STUDY MATERIAL below:
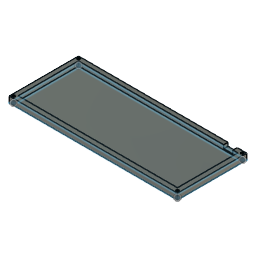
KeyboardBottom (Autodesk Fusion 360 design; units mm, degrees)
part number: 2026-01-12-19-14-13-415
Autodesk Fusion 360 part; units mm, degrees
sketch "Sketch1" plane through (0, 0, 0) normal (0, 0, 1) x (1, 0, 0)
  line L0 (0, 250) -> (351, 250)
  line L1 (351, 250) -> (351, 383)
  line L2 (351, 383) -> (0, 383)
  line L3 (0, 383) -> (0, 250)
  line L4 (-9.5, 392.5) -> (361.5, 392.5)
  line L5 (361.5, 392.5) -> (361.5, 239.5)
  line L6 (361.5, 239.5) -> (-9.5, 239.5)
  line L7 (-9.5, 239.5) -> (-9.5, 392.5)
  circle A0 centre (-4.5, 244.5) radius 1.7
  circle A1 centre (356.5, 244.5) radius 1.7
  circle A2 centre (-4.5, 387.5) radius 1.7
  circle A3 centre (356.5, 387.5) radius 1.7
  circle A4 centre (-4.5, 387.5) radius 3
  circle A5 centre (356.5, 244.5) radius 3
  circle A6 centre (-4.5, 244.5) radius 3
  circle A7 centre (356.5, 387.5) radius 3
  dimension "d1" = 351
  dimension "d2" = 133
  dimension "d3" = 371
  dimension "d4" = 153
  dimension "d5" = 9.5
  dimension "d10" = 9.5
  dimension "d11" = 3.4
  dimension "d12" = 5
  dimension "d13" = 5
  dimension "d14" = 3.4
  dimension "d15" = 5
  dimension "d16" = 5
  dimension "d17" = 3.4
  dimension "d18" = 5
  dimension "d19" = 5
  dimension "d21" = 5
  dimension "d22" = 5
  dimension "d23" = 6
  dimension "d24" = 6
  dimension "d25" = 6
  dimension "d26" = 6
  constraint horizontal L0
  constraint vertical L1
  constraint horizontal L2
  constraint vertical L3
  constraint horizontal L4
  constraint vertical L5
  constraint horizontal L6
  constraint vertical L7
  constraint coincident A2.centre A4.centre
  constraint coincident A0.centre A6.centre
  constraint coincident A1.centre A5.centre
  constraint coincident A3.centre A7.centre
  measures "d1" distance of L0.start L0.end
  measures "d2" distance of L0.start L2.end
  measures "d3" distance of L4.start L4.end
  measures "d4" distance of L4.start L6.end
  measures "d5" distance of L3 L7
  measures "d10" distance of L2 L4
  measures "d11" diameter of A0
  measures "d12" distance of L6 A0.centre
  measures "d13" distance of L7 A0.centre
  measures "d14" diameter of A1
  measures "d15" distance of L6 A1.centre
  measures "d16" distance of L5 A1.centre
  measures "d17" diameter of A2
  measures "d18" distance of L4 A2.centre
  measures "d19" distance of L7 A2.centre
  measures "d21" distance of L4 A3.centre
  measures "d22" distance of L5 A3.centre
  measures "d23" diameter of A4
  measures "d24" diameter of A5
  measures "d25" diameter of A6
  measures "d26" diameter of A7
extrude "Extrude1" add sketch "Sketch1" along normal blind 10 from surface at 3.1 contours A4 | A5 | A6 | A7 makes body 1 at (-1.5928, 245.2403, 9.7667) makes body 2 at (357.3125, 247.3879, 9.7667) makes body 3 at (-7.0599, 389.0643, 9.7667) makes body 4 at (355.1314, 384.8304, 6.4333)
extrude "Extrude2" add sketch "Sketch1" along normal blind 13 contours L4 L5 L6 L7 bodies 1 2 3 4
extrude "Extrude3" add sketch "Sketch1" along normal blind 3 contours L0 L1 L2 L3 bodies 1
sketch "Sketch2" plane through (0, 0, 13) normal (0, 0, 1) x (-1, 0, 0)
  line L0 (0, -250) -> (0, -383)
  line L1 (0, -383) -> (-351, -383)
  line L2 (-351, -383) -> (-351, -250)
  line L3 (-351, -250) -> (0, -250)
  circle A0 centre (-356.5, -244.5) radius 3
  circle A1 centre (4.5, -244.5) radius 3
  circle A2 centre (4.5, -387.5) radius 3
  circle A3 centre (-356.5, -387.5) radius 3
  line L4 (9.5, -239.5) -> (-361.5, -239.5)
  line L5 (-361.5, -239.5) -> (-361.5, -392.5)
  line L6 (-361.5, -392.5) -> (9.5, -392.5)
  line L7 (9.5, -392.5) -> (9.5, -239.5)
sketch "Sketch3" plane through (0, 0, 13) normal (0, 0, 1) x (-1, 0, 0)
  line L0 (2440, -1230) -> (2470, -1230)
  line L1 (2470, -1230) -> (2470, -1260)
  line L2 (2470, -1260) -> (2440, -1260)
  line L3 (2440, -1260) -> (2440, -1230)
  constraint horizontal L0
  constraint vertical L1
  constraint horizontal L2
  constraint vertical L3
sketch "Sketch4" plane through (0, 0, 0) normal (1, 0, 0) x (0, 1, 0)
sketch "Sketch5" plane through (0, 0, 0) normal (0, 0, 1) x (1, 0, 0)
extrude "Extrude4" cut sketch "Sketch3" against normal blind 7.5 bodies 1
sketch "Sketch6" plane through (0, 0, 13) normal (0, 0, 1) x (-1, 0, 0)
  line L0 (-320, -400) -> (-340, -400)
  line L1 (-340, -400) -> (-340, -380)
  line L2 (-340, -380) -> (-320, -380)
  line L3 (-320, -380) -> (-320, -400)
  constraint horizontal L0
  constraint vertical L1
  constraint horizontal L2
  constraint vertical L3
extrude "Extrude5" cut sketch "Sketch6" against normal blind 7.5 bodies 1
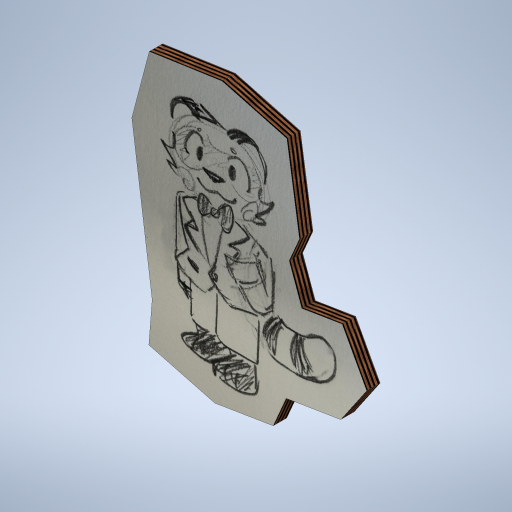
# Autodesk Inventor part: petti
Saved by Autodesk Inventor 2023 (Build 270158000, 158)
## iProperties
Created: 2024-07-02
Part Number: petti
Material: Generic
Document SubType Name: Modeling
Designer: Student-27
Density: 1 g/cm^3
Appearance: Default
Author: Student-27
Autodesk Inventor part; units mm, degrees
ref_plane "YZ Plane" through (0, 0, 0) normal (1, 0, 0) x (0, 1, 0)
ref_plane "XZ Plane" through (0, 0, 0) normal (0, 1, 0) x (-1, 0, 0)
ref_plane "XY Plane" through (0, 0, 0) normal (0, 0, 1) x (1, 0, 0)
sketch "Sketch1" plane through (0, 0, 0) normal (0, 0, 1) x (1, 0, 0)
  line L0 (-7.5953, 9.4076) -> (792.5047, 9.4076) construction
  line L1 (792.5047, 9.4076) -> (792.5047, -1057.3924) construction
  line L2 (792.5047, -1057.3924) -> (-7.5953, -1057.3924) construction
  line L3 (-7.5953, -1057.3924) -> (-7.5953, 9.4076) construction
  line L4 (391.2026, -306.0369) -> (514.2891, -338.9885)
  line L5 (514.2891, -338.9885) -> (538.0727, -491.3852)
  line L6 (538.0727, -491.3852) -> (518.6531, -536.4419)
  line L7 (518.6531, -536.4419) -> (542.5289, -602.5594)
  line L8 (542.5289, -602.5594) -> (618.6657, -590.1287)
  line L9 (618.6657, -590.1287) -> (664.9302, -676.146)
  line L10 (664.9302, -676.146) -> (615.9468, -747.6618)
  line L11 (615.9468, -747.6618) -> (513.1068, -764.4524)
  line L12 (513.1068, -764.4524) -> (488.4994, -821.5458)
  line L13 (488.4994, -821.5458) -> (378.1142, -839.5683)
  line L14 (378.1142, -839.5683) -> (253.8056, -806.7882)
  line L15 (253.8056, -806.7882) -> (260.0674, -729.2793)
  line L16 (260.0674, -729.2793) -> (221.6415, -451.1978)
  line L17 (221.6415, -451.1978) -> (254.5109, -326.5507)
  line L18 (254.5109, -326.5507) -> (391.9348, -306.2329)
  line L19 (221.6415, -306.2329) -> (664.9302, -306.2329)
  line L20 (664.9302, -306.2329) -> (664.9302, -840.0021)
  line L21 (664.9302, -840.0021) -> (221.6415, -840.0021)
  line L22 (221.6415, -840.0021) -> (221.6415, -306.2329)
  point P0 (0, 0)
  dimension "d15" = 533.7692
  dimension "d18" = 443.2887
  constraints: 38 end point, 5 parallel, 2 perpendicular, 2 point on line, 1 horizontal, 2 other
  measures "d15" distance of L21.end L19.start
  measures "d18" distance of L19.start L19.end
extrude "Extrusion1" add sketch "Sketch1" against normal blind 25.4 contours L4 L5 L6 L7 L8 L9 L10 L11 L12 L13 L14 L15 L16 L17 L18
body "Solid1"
End of STUDY MATERIAL.
▸ **PROBLEM REQUIREMENTS**
Please state how many lines of the entries above include the string "Autodesk", giving the number and nothing more.

▸ **TASK ANSWER**
5